*TASK DESCRIPTION*:
Repeat only the stretch of lines below that runs from the line with "Constant6 : Constant" through the line with "Constant/1 -> Data Type Conversion10/1", unaltered.

* * * * * * *

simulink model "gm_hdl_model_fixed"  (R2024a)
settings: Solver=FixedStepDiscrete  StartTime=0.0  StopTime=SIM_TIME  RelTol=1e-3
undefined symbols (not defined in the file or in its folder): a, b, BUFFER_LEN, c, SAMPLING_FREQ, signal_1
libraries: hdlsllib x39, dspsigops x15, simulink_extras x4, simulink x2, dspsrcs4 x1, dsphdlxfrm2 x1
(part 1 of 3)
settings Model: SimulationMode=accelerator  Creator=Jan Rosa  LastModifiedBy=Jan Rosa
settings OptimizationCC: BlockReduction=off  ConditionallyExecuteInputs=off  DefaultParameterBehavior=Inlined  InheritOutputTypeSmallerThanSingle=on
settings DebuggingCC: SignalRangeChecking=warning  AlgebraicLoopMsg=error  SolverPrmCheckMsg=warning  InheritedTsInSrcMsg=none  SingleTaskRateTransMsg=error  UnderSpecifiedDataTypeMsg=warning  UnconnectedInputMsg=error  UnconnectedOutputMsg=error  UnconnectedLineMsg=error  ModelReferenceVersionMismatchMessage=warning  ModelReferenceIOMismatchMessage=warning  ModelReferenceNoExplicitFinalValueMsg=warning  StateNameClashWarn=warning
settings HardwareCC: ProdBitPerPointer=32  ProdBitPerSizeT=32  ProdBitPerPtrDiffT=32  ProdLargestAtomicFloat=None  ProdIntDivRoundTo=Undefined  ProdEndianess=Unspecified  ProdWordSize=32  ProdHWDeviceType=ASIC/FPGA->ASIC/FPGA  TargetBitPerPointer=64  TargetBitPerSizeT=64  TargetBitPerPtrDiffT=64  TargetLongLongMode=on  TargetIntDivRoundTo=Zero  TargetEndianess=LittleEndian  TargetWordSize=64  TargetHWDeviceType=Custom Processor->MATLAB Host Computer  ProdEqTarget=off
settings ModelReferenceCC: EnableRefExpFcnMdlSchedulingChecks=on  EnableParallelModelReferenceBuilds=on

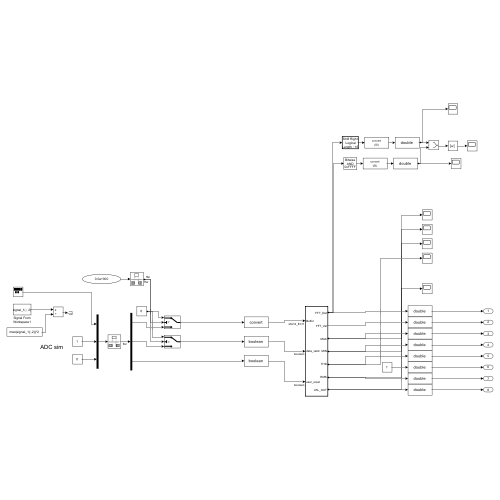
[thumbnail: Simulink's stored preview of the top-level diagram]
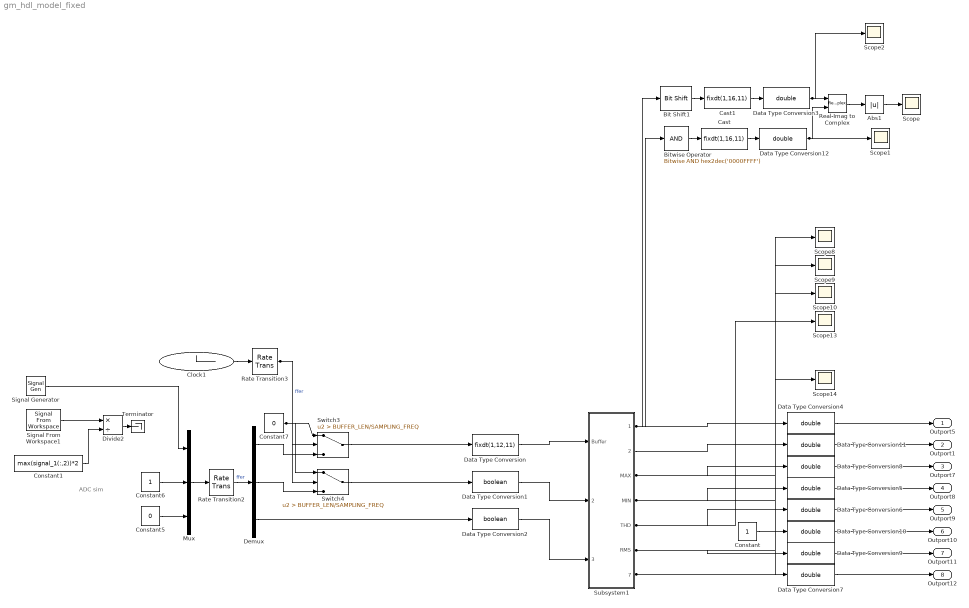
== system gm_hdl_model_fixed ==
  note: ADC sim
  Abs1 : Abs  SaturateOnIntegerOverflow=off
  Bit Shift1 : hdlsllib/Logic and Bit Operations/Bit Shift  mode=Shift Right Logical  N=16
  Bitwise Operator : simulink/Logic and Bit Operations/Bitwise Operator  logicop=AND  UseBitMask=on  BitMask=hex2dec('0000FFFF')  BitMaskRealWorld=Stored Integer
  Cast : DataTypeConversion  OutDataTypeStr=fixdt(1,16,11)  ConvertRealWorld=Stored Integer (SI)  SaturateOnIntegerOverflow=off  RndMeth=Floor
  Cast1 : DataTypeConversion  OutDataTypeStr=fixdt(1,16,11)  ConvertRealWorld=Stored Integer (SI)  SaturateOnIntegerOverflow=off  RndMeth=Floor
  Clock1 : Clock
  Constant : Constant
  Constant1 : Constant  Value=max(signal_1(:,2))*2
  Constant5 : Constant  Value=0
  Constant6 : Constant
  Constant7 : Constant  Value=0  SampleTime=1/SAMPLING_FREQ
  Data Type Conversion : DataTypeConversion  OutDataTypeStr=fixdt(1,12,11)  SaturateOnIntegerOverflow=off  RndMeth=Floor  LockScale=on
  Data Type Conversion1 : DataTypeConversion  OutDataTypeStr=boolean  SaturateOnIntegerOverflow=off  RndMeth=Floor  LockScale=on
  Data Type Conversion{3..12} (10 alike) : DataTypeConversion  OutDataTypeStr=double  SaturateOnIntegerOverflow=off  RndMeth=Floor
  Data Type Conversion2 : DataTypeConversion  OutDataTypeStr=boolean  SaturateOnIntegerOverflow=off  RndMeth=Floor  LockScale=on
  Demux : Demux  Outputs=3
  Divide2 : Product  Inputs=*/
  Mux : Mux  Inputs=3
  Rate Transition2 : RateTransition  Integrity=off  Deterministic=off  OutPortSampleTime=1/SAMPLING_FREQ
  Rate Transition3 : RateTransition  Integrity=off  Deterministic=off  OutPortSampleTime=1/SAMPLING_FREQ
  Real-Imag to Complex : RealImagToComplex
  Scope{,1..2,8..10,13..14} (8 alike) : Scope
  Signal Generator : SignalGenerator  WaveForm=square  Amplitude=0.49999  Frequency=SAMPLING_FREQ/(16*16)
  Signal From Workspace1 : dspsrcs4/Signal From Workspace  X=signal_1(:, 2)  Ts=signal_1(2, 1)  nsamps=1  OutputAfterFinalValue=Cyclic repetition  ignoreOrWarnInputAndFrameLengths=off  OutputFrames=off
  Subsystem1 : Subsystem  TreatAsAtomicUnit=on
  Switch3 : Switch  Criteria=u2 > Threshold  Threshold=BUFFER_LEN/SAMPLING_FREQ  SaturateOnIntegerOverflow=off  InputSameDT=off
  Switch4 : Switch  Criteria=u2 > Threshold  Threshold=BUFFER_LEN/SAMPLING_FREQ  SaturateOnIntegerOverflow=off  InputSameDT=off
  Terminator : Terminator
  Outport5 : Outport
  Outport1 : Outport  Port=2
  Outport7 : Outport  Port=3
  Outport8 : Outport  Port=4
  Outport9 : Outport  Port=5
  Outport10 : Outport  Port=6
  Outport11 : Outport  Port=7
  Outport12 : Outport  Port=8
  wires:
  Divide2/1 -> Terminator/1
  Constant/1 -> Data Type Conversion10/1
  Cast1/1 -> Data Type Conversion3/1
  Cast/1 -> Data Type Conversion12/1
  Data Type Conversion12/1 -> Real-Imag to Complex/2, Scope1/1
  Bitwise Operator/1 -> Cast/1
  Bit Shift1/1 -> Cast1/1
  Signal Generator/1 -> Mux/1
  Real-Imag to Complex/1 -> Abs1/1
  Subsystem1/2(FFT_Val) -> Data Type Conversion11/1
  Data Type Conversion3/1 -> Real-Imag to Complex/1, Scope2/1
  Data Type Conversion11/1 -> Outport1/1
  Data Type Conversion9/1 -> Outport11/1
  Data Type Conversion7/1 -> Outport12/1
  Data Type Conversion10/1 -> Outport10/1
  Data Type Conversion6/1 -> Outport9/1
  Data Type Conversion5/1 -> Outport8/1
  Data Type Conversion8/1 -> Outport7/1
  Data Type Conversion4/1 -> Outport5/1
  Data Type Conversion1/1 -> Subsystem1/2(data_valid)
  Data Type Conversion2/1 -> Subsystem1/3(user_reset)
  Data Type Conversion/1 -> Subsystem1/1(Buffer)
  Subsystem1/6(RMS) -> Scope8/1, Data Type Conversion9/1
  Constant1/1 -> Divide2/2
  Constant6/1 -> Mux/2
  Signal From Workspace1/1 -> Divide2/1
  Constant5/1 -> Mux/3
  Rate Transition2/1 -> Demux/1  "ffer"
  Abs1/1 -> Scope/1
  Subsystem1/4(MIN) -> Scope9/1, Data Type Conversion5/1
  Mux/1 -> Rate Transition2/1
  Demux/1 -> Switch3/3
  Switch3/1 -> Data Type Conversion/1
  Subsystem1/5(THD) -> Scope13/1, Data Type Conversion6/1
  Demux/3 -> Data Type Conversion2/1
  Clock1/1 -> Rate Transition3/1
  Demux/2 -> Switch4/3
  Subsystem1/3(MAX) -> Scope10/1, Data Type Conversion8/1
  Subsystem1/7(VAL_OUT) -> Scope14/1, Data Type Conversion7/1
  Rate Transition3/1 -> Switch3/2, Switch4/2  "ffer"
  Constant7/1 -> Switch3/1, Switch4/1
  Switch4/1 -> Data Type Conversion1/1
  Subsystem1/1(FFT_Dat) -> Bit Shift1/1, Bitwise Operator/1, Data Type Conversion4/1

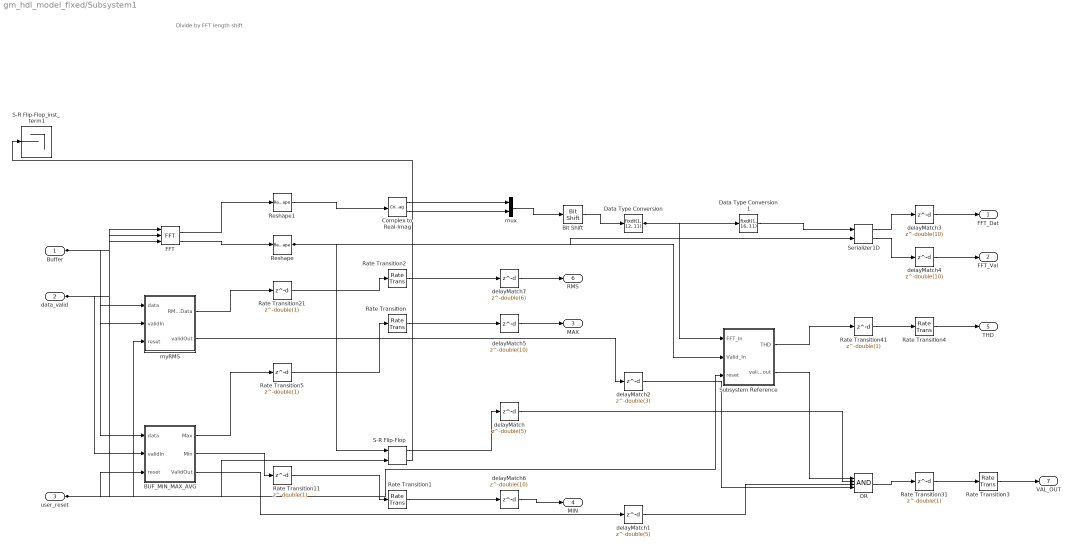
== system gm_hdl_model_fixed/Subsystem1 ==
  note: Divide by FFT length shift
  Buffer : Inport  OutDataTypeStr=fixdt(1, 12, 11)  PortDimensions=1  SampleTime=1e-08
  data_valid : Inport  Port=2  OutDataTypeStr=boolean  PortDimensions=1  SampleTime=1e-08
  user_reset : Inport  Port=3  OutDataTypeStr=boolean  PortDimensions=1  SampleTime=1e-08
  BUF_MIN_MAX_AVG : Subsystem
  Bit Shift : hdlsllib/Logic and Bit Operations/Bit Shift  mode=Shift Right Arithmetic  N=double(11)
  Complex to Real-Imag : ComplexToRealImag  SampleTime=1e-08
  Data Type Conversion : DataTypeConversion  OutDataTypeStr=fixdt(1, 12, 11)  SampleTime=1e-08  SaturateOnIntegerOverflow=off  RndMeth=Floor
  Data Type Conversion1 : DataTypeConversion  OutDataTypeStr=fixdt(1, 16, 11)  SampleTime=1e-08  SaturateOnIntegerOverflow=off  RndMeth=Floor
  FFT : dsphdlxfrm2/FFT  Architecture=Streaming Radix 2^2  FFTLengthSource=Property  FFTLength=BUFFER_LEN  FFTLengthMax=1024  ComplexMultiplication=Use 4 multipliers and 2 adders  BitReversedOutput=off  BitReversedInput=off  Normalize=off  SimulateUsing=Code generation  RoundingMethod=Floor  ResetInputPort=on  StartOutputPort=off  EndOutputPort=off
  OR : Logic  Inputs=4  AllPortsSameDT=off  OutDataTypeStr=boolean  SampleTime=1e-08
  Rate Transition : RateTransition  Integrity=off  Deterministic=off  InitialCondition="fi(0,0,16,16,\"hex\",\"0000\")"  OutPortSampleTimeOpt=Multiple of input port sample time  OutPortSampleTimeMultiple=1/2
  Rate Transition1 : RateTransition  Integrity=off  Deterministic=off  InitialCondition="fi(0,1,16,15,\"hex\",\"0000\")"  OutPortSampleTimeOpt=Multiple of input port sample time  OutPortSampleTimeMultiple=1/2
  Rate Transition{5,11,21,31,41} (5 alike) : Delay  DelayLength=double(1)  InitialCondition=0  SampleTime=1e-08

* * * * * * *

*ANSWER FOR THIS EXERCISE*:
  Constant6 : Constant
  Constant7 : Constant  Value=0  SampleTime=1/SAMPLING_FREQ
  Data Type Conversion : DataTypeConversion  OutDataTypeStr=fixdt(1,12,11)  SaturateOnIntegerOverflow=off  RndMeth=Floor  LockScale=on
  Data Type Conversion1 : DataTypeConversion  OutDataTypeStr=boolean  SaturateOnIntegerOverflow=off  RndMeth=Floor  LockScale=on
  Data Type Conversion{3..12} (10 alike) : DataTypeConversion  OutDataTypeStr=double  SaturateOnIntegerOverflow=off  RndMeth=Floor
  Data Type Conversion2 : DataTypeConversion  OutDataTypeStr=boolean  SaturateOnIntegerOverflow=off  RndMeth=Floor  LockScale=on
  Demux : Demux  Outputs=3
  Divide2 : Product  Inputs=*/
  Mux : Mux  Inputs=3
  Rate Transition2 : RateTransition  Integrity=off  Deterministic=off  OutPortSampleTime=1/SAMPLING_FREQ
  Rate Transition3 : RateTransition  Integrity=off  Deterministic=off  OutPortSampleTime=1/SAMPLING_FREQ
  Real-Imag to Complex : RealImagToComplex
  Scope{,1..2,8..10,13..14} (8 alike) : Scope
  Signal Generator : SignalGenerator  WaveForm=square  Amplitude=0.49999  Frequency=SAMPLING_FREQ/(16*16)
  Signal From Workspace1 : dspsrcs4/Signal From Workspace  X=signal_1(:, 2)  Ts=signal_1(2, 1)  nsamps=1  OutputAfterFinalValue=Cyclic repetition  ignoreOrWarnInputAndFrameLengths=off  OutputFrames=off
  Subsystem1 : Subsystem  TreatAsAtomicUnit=on
  Switch3 : Switch  Criteria=u2 > Threshold  Threshold=BUFFER_LEN/SAMPLING_FREQ  SaturateOnIntegerOverflow=off  InputSameDT=off
  Switch4 : Switch  Criteria=u2 > Threshold  Threshold=BUFFER_LEN/SAMPLING_FREQ  SaturateOnIntegerOverflow=off  InputSameDT=off
  Terminator : Terminator
  Outport5 : Outport
  Outport1 : Outport  Port=2
  Outport7 : Outport  Port=3
  Outport8 : Outport  Port=4
  Outport9 : Outport  Port=5
  Outport10 : Outport  Port=6
  Outport11 : Outport  Port=7
  Outport12 : Outport  Port=8
  wires:
  Divide2/1 -> Terminator/1
  Constant/1 -> Data Type Conversion10/1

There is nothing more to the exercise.